== Data records ==
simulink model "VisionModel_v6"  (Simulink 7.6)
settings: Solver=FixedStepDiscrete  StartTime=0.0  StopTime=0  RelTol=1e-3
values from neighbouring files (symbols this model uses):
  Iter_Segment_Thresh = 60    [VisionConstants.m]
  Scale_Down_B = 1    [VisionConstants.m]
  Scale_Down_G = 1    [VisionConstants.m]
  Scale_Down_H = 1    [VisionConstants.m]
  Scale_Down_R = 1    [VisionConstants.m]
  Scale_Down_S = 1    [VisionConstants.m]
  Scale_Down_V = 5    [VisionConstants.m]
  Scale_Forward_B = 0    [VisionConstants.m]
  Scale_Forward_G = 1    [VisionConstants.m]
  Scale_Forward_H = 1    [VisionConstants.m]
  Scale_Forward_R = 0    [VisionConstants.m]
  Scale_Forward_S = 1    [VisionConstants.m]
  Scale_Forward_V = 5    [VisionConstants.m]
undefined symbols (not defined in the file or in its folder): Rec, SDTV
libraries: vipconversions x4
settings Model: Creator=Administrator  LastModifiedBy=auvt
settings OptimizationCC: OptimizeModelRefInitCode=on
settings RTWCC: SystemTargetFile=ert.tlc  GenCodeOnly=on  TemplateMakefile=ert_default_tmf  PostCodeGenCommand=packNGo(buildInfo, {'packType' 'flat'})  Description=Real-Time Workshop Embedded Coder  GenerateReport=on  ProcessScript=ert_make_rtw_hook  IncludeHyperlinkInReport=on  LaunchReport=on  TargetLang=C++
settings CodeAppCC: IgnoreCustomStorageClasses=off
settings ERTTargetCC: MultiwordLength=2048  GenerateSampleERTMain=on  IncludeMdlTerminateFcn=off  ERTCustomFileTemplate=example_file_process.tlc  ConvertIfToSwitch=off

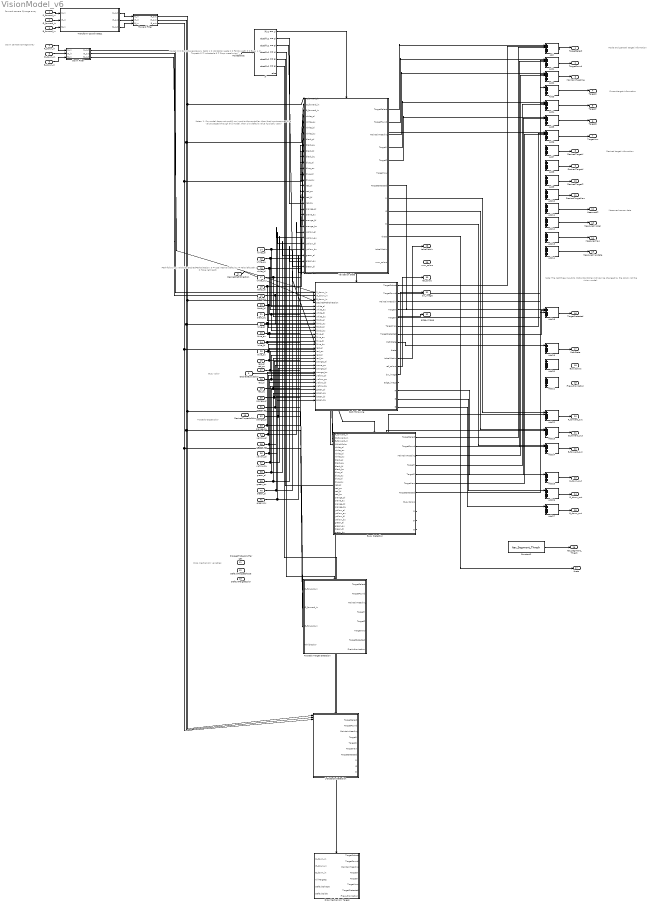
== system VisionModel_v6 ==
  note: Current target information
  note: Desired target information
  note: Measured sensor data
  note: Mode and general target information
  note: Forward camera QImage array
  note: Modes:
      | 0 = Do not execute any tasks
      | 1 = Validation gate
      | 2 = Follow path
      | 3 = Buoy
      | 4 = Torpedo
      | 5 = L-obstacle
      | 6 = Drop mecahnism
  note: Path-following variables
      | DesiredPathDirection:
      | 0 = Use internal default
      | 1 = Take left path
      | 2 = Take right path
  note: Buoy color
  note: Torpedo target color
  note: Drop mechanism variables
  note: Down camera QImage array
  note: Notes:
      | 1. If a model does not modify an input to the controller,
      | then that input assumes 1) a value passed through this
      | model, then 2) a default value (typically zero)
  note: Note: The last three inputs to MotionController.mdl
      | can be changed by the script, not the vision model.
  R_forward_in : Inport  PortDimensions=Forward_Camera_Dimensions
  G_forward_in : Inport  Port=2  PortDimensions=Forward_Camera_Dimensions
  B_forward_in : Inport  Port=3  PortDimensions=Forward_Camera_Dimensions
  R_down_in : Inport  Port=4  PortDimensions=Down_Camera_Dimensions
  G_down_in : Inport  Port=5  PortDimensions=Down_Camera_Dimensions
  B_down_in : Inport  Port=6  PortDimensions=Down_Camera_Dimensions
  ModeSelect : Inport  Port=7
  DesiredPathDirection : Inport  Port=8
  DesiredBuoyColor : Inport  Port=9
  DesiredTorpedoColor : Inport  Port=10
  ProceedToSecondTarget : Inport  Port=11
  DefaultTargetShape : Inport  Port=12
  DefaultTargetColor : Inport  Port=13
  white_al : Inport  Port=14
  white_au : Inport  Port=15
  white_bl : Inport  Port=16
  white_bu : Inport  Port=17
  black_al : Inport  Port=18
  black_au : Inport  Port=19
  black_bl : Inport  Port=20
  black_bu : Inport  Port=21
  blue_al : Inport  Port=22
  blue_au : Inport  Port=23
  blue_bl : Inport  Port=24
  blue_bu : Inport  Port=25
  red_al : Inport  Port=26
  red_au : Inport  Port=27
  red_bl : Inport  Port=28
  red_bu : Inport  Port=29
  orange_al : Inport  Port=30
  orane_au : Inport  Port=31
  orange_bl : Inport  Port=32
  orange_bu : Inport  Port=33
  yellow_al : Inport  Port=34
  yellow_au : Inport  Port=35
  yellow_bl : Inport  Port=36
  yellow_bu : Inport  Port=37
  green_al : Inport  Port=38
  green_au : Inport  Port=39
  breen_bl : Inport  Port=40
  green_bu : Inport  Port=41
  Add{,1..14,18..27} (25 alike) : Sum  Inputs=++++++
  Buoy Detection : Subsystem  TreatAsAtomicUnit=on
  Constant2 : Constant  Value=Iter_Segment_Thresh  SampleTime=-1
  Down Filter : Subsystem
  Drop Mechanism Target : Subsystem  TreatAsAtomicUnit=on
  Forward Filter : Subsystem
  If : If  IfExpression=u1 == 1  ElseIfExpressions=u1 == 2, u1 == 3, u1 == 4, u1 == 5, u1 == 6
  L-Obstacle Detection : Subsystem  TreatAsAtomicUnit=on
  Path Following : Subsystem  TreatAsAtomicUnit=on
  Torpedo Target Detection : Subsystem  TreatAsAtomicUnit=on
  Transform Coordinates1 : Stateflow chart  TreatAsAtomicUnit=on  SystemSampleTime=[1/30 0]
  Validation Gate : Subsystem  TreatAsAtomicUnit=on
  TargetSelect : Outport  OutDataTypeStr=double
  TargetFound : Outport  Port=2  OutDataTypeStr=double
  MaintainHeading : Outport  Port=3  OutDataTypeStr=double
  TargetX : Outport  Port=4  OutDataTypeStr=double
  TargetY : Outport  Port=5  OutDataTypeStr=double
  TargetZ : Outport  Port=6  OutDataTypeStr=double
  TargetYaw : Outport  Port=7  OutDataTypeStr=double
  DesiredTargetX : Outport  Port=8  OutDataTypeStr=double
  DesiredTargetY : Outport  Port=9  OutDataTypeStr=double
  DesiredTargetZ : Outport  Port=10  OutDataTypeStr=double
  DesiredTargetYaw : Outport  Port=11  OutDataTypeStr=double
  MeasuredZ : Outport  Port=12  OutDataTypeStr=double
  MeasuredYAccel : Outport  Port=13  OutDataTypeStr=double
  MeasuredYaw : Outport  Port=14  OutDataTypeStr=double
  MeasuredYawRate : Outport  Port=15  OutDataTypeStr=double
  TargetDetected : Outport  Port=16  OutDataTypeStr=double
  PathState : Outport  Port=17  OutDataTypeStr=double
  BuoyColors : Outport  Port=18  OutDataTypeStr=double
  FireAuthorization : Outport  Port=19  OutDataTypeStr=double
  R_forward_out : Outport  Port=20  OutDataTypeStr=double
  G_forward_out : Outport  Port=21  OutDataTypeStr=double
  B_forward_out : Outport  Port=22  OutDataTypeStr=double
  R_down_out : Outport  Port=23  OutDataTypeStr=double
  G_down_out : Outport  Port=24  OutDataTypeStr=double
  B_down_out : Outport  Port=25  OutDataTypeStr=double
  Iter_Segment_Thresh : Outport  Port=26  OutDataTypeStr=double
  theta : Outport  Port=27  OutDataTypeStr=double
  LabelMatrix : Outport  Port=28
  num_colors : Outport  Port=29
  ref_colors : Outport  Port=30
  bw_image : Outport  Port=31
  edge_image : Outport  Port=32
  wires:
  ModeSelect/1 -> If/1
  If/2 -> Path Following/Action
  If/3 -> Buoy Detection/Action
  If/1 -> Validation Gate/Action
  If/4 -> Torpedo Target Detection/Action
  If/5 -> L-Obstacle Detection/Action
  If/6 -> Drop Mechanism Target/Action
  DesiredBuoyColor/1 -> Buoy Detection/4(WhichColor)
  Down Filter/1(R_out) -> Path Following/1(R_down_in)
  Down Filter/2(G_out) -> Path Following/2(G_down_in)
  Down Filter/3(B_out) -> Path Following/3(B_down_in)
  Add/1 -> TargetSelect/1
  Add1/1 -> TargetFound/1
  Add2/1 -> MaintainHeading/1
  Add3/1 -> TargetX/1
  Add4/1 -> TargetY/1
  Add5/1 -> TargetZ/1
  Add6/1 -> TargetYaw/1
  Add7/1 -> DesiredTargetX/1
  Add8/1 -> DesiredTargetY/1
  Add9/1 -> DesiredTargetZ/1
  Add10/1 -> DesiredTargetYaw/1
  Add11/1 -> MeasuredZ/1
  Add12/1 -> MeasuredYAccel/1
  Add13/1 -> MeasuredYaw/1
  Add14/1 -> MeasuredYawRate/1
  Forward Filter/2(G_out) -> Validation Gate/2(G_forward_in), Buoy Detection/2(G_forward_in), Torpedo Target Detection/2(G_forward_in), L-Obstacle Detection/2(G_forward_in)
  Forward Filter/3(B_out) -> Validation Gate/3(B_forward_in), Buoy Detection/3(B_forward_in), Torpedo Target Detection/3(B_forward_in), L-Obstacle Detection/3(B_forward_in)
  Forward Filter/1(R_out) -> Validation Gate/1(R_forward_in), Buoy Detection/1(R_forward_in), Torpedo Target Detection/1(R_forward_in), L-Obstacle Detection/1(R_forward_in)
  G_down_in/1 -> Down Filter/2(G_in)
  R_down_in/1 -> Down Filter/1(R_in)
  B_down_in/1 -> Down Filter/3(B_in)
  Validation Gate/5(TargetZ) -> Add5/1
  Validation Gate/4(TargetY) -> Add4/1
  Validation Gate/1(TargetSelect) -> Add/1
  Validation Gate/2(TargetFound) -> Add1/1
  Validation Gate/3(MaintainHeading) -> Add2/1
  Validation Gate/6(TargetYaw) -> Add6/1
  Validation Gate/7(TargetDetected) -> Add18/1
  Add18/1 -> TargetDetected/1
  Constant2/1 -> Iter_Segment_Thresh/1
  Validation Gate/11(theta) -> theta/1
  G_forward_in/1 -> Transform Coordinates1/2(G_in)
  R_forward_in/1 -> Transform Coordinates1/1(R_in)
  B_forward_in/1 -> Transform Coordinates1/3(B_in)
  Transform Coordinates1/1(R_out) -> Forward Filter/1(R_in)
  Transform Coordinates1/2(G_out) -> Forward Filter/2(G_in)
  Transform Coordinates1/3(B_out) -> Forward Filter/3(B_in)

== The task ==
Among the lines above, find the one with "black_bl : Inport" and the one with "DesiredTargetX : Outport". Quote both and everything between them, exactly.

== Solution ==
  black_bl : Inport  Port=20
  black_bu : Inport  Port=21
  blue_al : Inport  Port=22
  blue_au : Inport  Port=23
  blue_bl : Inport  Port=24
  blue_bu : Inport  Port=25
  red_al : Inport  Port=26
  red_au : Inport  Port=27
  red_bl : Inport  Port=28
  red_bu : Inport  Port=29
  orange_al : Inport  Port=30
  orane_au : Inport  Port=31
  orange_bl : Inport  Port=32
  orange_bu : Inport  Port=33
  yellow_al : Inport  Port=34
  yellow_au : Inport  Port=35
  yellow_bl : Inport  Port=36
  yellow_bu : Inport  Port=37
  green_al : Inport  Port=38
  green_au : Inport  Port=39
  breen_bl : Inport  Port=40
  green_bu : Inport  Port=41
  Add{,1..14,18..27} (25 alike) : Sum  Inputs=++++++
  Buoy Detection : Subsystem  TreatAsAtomicUnit=on
  Constant2 : Constant  Value=Iter_Segment_Thresh  SampleTime=-1
  Down Filter : Subsystem
  Drop Mechanism Target : Subsystem  TreatAsAtomicUnit=on
  Forward Filter : Subsystem
  If : If  IfExpression=u1 == 1  ElseIfExpressions=u1 == 2, u1 == 3, u1 == 4, u1 == 5, u1 == 6
  L-Obstacle Detection : Subsystem  TreatAsAtomicUnit=on
  Path Following : Subsystem  TreatAsAtomicUnit=on
  Torpedo Target Detection : Subsystem  TreatAsAtomicUnit=on
  Transform Coordinates1 : Stateflow chart  TreatAsAtomicUnit=on  SystemSampleTime=[1/30 0]
  Validation Gate : Subsystem  TreatAsAtomicUnit=on
  TargetSelect : Outport  OutDataTypeStr=double
  TargetFound : Outport  Port=2  OutDataTypeStr=double
  MaintainHeading : Outport  Port=3  OutDataTypeStr=double
  TargetX : Outport  Port=4  OutDataTypeStr=double
  TargetY : Outport  Port=5  OutDataTypeStr=double
  TargetZ : Outport  Port=6  OutDataTypeStr=double
  TargetYaw : Outport  Port=7  OutDataTypeStr=double
  DesiredTargetX : Outport  Port=8  OutDataTypeStr=double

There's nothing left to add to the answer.